* _Assigned task_
All lines from the entries below that contain the string "Subtract" should be copied out.

Data for this task section start

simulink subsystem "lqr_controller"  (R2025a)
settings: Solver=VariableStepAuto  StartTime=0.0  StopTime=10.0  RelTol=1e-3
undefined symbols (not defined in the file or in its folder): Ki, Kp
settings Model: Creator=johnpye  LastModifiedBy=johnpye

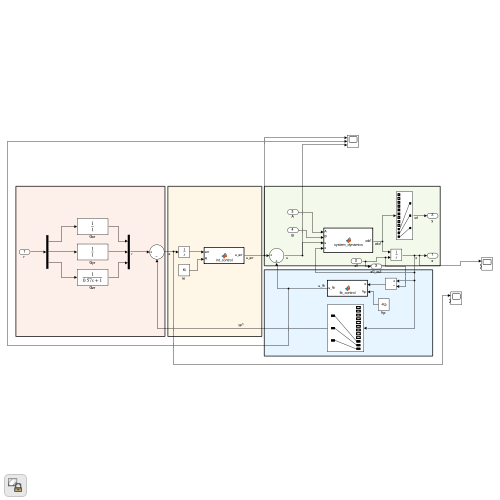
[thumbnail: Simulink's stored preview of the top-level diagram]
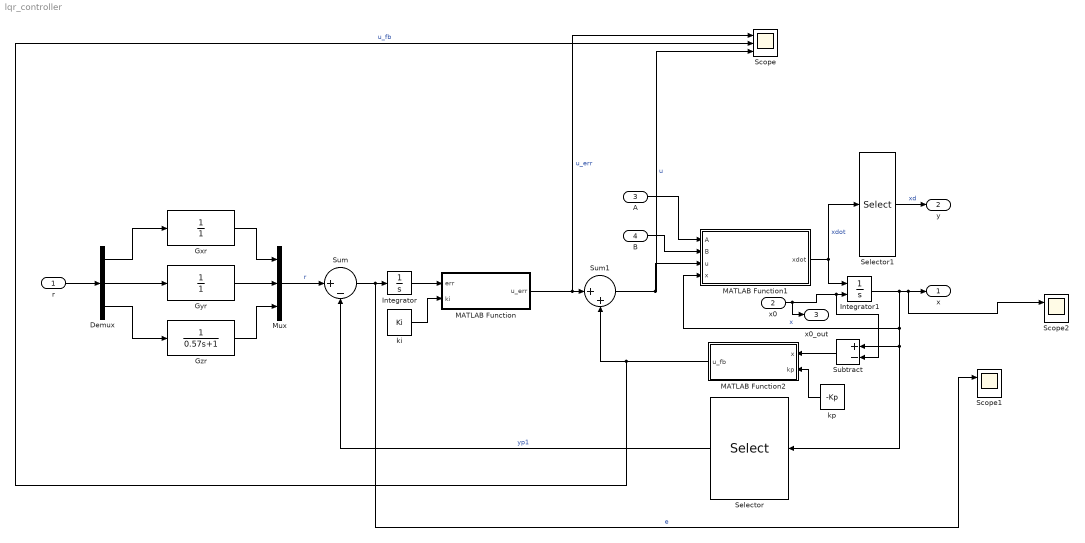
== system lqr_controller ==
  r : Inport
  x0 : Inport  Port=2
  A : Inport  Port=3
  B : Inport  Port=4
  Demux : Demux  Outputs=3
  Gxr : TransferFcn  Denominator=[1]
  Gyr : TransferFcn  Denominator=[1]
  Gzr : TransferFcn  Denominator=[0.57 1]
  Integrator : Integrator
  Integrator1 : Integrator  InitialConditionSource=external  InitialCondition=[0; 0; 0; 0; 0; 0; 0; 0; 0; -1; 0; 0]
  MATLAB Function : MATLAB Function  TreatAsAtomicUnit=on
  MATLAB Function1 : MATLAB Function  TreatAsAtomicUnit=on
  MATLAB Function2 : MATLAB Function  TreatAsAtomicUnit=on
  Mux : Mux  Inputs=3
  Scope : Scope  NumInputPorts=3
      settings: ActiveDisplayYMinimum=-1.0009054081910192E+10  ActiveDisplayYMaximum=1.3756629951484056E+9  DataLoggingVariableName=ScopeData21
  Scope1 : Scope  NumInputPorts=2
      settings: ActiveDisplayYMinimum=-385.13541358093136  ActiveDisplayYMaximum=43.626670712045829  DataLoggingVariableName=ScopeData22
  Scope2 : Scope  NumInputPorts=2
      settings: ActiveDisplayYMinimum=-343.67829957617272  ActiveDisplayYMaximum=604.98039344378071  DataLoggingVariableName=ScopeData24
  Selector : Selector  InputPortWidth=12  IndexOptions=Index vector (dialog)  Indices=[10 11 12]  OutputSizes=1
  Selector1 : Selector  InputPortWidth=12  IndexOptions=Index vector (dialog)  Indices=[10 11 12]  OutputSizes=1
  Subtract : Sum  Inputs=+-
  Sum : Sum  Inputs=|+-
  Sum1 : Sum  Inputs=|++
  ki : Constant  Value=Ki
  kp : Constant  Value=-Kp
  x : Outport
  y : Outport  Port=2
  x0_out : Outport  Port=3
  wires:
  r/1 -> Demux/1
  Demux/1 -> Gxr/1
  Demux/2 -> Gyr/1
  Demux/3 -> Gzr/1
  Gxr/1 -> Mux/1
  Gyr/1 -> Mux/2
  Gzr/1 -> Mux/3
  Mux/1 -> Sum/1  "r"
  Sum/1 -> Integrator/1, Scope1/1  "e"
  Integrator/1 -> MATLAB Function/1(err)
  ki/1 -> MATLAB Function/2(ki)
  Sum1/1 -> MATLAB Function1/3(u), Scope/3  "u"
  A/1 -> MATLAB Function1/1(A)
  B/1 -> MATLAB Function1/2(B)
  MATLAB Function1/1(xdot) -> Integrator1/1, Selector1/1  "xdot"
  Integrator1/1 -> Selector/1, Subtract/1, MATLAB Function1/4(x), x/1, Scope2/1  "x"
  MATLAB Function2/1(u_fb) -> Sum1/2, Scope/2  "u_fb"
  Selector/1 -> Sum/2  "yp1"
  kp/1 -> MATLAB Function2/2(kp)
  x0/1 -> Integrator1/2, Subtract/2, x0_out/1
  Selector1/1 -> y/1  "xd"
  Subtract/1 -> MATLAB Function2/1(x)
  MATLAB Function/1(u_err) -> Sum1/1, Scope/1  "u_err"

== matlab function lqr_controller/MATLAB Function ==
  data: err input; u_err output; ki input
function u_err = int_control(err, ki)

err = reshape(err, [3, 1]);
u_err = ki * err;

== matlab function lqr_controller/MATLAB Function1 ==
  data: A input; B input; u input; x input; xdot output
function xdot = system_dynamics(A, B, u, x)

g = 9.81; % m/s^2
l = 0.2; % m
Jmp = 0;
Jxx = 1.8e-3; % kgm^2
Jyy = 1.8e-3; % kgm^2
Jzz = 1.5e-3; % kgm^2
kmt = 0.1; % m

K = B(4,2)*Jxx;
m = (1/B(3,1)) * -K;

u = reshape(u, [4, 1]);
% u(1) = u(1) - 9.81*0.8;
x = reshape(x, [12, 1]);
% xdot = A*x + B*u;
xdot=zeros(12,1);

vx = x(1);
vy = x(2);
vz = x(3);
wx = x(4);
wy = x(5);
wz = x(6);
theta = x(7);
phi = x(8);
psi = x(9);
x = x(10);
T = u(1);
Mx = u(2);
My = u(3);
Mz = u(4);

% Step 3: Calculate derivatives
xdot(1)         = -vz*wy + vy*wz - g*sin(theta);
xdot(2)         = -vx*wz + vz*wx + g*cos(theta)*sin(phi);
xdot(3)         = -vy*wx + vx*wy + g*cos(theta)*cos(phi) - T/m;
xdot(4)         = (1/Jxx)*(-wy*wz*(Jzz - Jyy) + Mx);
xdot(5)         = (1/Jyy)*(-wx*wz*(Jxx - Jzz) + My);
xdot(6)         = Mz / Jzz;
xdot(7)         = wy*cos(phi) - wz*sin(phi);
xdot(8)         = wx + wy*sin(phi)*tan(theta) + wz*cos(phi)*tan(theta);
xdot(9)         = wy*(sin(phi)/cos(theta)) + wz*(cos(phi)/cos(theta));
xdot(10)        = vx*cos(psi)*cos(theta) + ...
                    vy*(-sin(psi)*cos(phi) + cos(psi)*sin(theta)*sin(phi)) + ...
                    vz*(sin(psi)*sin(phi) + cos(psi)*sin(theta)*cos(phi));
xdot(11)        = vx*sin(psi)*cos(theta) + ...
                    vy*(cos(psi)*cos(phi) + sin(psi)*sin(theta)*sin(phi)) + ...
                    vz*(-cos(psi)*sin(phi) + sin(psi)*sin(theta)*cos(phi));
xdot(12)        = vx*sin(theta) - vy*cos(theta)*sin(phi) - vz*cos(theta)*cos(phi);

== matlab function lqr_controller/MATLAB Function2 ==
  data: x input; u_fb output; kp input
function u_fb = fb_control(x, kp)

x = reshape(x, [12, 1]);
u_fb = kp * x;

Data for this task section end

* _Result for this exercise_
  Subtract : Sum  Inputs=+-
  Integrator1/1 -> Selector/1, Subtract/1, MATLAB Function1/4(x), x/1, Scope2/1  "x"
  x0/1 -> Integrator1/2, Subtract/2, x0_out/1
  Subtract/1 -> MATLAB Function2/1(x)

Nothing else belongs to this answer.